Some of them are. In certain cases it’s almost a religious issue; there are a lot of religious aspects to Alcoholics Anonymous (AA) groups, for example. I think AA is wonderful, but it’s not based on science. It can help, but it’s not enough. People who are on naltrexone can get a lot of benefit from AA. But too often the people who are running rehabilitation programs are untrained non-medical professionals, and they may tell a patient who is on medication, be it naltrexone for alcoholism or lithium for bipolar disorder, to stop taking it. Or they may disparage the medication by suggesting that it is “just” a crutch.
This is what’s so frustrating about this field. It’s hard enough to study it, but when you find something that works and doctors are actively encouraging their patients not to take it, it’s really a pity.
You’ve advocated for better medical-school training on addiction. Why?
We think addiction is one of the most important illnesses that physicians will encounter. No matter which specialty you’re in, there are a tremendous number of patients who have some sort of substance abuse problem. Fortunately, many different kinds of medications have been developed to treat addictions.
Unfortunately, this is largely unknown to clinicians who are treating addiction. As a result, given the large number of people who need treatment, we have relatively few patients getting treatment of any kind. And, most of those getting treatment are not being given medications. That’s a pity because, as I mentioned, we have very good, controlled, double-blind trials showing the benefits of medication.

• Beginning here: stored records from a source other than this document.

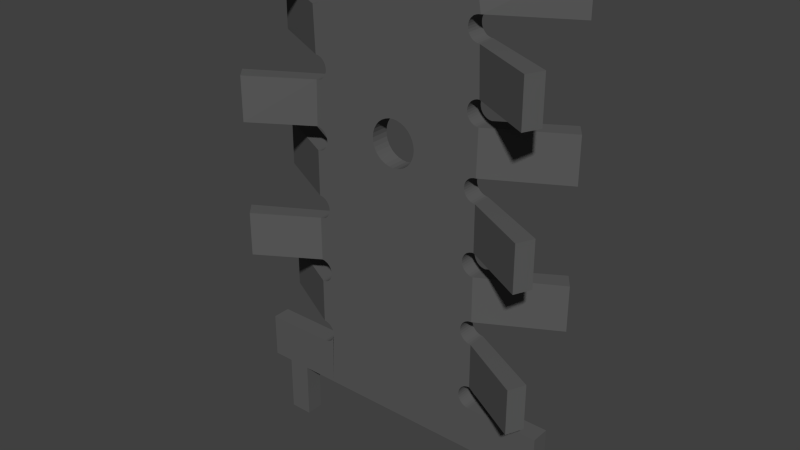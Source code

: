 # Source: Heatsink_542502B00000G.blend  (saved by Blender 2.75.0; exported with 4.5.12 LTS)
import bpy
from mathutils import Matrix  # noqa: F401  (used for matrix-valued properties, if any)

bpy.ops.wm.read_factory_settings(use_empty=True)
scene = bpy.context.scene
scene.name = 'Scene'

# ---- collections
col_collection_1 = bpy.data.collections.new('Collection 1'); scene.collection.children.link(col_collection_1)

# ---- materials (node trees are filled in below, after node groups)
mat_material_001 = bpy.data.materials.new('Material.001')
mat_material_001.alpha_threshold = 0.0
mat_material_001.use_transparent_shadow = False
mat_material_001.diffuse_color = (0.1065, 0.1065, 0.1065, 1.0)
mat_material_001.roughness = 0.5

# ---- material node trees

# ---- world
world_world = bpy.data.worlds.new('World'); scene.world = world_world
world_world.color = (0.05088, 0.05088, 0.05088)
world_world.use_sun_shadow = False
world_world.sun_shadow_jitter_overblur = 0.0
world_world.cycles.sampling_method = 'MANUAL'
world_world.cycles.sample_map_resolution = 256

# ---- meshes
me_cube_001 = bpy.data.meshes.new('Cube.001')
me_cube_001.from_pydata([(-1.0, 0.01693, 1.0), (-1.0, 0.2146, 1.0), (-1.0, 0.2146, -1.0), (-1.0, 0.01693, -1.0), (-1.0, 0.01693, -0.75), (-1.0, 0.01693, -0.5), (-1.0, 0.01693, -0.25), (-1.0, 0.01693, -1.111e-06), (-1.0, 0.01693, 0.25), (-1.0, 0.01693, 0.5), (-1.0, 0.01693, 0.75), (-0.8709, 0.01693, 1.0), (-0.8709, 0.01693, 0.75), (-0.5, 0.01693, 1.0), (-0.5554, 0.2146, 1.0), (-0.5554, 0.2146, -1.0), (-0.8709, 0.01693, -1.0), (-0.8709, 0.01693, -0.75), (-0.8709, 0.01693, -0.5), (-0.8709, 0.01693, -0.25), (-0.8709, 0.01693, -1.111e-06), (-0.8709, 0.01693, 0.25), (-0.8709, 0.01693, 0.5), (-0.8709, -0.2327, 1.0), (-0.8709, -0.2327, -1.0), (-0.4836, 0.2558, 1.0), (-0.4878, 0.2462, 1.0), (-0.4945, 0.2374, 1.0), (-0.5036, 0.2296, 1.0), (-0.5147, 0.2232, 1.0), (-0.5274, 0.2185, 1.0), (-0.5411, 0.2156, 1.0), (-0.4822, 0.2658, 1.0), (-0.5411, 0.2156, -1.0), (-0.75, 0.01693, -1.0), (-0.7291, -0.2327, 1.0), (-0.7291, -0.2327, -1.0), (-0.7291, 0.01693, 1.0), (-0.75, 0.01693, 1.0), (-0.7291, 0.01693, -1.0), (-0.4822, 0.2658, -1.0), (-0.4836, 0.2558, -1.0), (-0.25, 0.01693, 1.0), (4.755e-16, 0.01693, 1.0), (0.25, 0.01693, 1.0), (0.4787, 0.2673, 1.0), (-0.4878, 0.2462, -1.0), (-0.4945, 0.2374, -1.0), (-0.5036, 0.2296, -1.0), (-0.5147, 0.2232, -1.0), (-0.5274, 0.2185, -1.0), (-0.5, 0.01693, -1.0), (-0.7291, 0.01693, -0.75), (-0.7291, 0.01693, -0.5), (-0.7291, 0.01693, -0.25), (-0.7291, 0.01693, -1.111e-06), (-0.7291, 0.01693, 0.25), (-0.7291, 0.01693, 0.5), (-0.7291, 0.01693, 0.75), (-0.4836, 0.2758, -1.0), (-0.4836, 0.2758, 1.0), (-0.5, 0.01693, 0.75), (-0.25, 0.01693, 0.75), (4.755e-16, 0.01693, 0.75), (0.25, 0.01693, 0.75), (0.5519, 0.2161, 1.0), (0.5376, 0.2171, 1.0), (0.5239, 0.22, 1.0), (0.5112, 0.2247, 1.0), (0.5001, 0.2311, 1.0), (0.491, 0.2389, 1.0), (0.4843, 0.2477, 1.0), (0.4801, 0.2573, 1.0), (0.5, 0.01693, 1.0), (-0.5, 0.01693, -0.75), (-0.5, 0.01693, -0.5), (-0.5, 0.01693, -0.25), (-0.5, 0.01693, -1.111e-06), (-0.5, 0.01693, 0.25), (-0.5, 0.01693, 0.5), (-0.4878, 0.2854, -1.0), (-0.4878, 0.2854, 1.0), (-0.4824, 0.5665, -1.0), (0.4801, 0.2773, 1.0), (0.4843, 0.2869, 1.0), (0.491, 0.2958, 1.0), (0.5001, 0.3035, 1.0), (0.5112, 0.3099, 1.0), (0.5239, 0.3147, 1.0), (0.5376, 0.3176, 1.0), (0.5519, 0.3186, 1.0), (0.5517, 0.5168, 1.0), (0.5374, 0.5178, 1.0), (0.5237, 0.5207, 1.0), (0.511, 0.5254, 1.0), (0.4999, 0.5318, 1.0), (0.4908, 0.5396, 1.0), (0.4841, 0.5484, 1.0), (0.4799, 0.558, 1.0), (0.4785, 0.568, 1.0), (-0.4824, 0.5665, 1.0), (-0.4838, 0.5565, 1.0), (-0.488, 0.5469, 1.0), (-0.4948, 0.538, 1.0), (-0.5039, 0.5303, 1.0), (-0.5149, 0.5239, 1.0), (-0.5276, 0.5192, 1.0), (-0.5413, 0.5163, 1.0), (-0.5556, 0.5153, 1.0), (-0.5554, 0.317, 1.0), (-0.5411, 0.316, 1.0), (-0.5274, 0.3131, 1.0), (-0.5147, 0.3084, 1.0), (-0.5036, 0.302, 1.0), (-0.4945, 0.2943, 1.0), (-0.25, 0.01693, -1.0), (-0.25, 0.01693, 0.5), (4.755e-16, 0.01693, 0.5), (0.5, 0.01693, 0.75), (0.25, 0.01693, 0.5), (0.5519, 0.2161, -1.0), (0.5376, 0.2171, -1.0), (0.5239, 0.22, -1.0), (0.5112, 0.2247, -1.0), (0.5001, 0.2311, -1.0), (0.491, 0.2389, -1.0), (0.4843, 0.2477, -1.0), (0.4801, 0.2573, -1.0), (0.4787, 0.2673, -1.0), (-0.25, 0.01693, -0.75), (-0.25, 0.01693, -0.5), (-0.25, 0.01693, -0.25), (-0.25, 0.01693, -1.111e-06), (-0.25, 0.01693, 0.25), (-0.4945, 0.2943, -1.0), (-0.4838, 0.5565, -1.0), (4.755e-16, 0.01693, -1.0), (0.4801, 0.2773, -1.0), (0.4843, 0.2869, -1.0), (0.491, 0.2958, -1.0), (0.5001, 0.3035, -1.0), (0.5112, 0.3099, -1.0), (0.5239, 0.3147, -1.0), (0.5376, 0.3176, -1.0), (0.5519, 0.3186, -1.0), (0.9532, 0.5168, 4.894), (0.5517, 0.5168, -1.0), (0.5374, 0.5178, -1.0), (0.5237, 0.5207, -1.0), (0.511, 0.5254, -1.0), (0.4999, 0.5318, -1.0), (0.4908, 0.5396, -1.0), (0.4841, 0.5484, -1.0), (0.4799, 0.558, -1.0), (0.4785, 0.568, -1.0), (0.4799, 0.578, 1.0), (0.4841, 0.5876, 1.0), (0.4908, 0.5965, 1.0), (0.4999, 0.6042, 1.0), (0.511, 0.6106, 1.0), (0.5237, 0.6153, 1.0), (0.5374, 0.6183, 1.0), (0.5517, 0.6192, 1.0), (0.5506, 0.8152, 1.0), (0.5363, 0.8162, 1.0), (0.5226, 0.8191, 1.0), (0.5099, 0.8239, 1.0), (0.4988, 0.8302, 1.0), (0.4897, 0.838, 1.0), (0.483, 0.8469, 1.0), (0.4788, 0.8565, 1.0), (0.4774, 0.8665, 1.0), (-0.4835, 0.8649, 1.0), (-0.4849, 0.8549, 1.0), (-0.4891, 0.8453, 1.0), (-0.4959, 0.8365, 1.0), (-0.505, 0.8287, 1.0), (-0.516, 0.8223, 1.0), (-0.5287, 0.8176, 1.0), (-0.5424, 0.8147, 1.0), (-0.5567, 0.8137, 1.0), (-0.5556, 0.6177, 1.0), (-0.5413, 0.6167, 1.0), (-0.5276, 0.6138, 1.0), (-0.5149, 0.6091, 1.0), (-0.5039, 0.6027, 1.0), (-0.4948, 0.595, 1.0), (-0.488, 0.5861, 1.0), (-0.4838, 0.5765, 1.0), (-0.488, 0.5469, -1.0), (-0.4948, 0.538, -1.0), (-0.5039, 0.5303, -1.0), (-0.5149, 0.5239, -1.0), (-0.5276, 0.5192, -1.0), (-0.5413, 0.5163, -1.0), (-0.5556, 0.5153, -1.0), (-0.9977, 0.5153, -3.081), (-0.5554, 0.317, -1.0), (-0.5411, 0.316, -1.0), (-0.5274, 0.3131, -1.0), (-0.5147, 0.3084, -1.0), (-0.5036, 0.302, -1.0), (4.755e-16, 0.01693, 0.25), (0.7291, 0.01693, 1.0), (0.7291, 0.01693, 0.75), (0.5, 0.01693, 0.5), (0.25, 0.01693, 0.25), (1.0, 0.2161, 1.0), (1.0, 0.2161, -1.0), (0.5, 0.01693, -1.0), (4.755e-16, 0.01693, -0.75), (4.755e-16, 0.01693, -0.5), (4.755e-16, 0.01693, -0.25), (4.755e-16, 0.01693, -1.111e-06), (-0.4838, 0.5765, -1.0), (0.25, 0.01693, -1.0), (1.0, 0.3186, 3.071), (0.9532, 0.3186, 4.894), (1.0, 0.5168, 3.071), (0.4799, 0.578, -1.0), (0.4841, 0.5876, -1.0), (0.4908, 0.5965, -1.0), (0.4999, 0.6042, -1.0), (0.511, 0.6106, -1.0), (0.5237, 0.6153, -1.0), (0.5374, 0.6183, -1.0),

It’s one of the neglected areas in medicine. As a result of this neglect, a lot of non-physician self-help programs have been developed. While these programs can be very good, they’re not complete. If people have only them, and not a well-trained doctor they can go to for medical treatment as well, they risk missing out on all the scientific advances that have been made in understanding and treating addiction over the past several decades.
#
[i] As of September 1, 2011
[ii] Coviello DM, Cornish JW, Lynch KG, Boney TY, Clark CA, Lee JD, Friedmann PD, Nunes EV, Kinlock TW, Gordon MS, Schwartz RP, Nuwayser ES, O’Brien CP. A multi-site pilot study of extended-release injectable naltrexone treatment for previously opioid-dependent parolees and probationers. Substance Abuse. In press.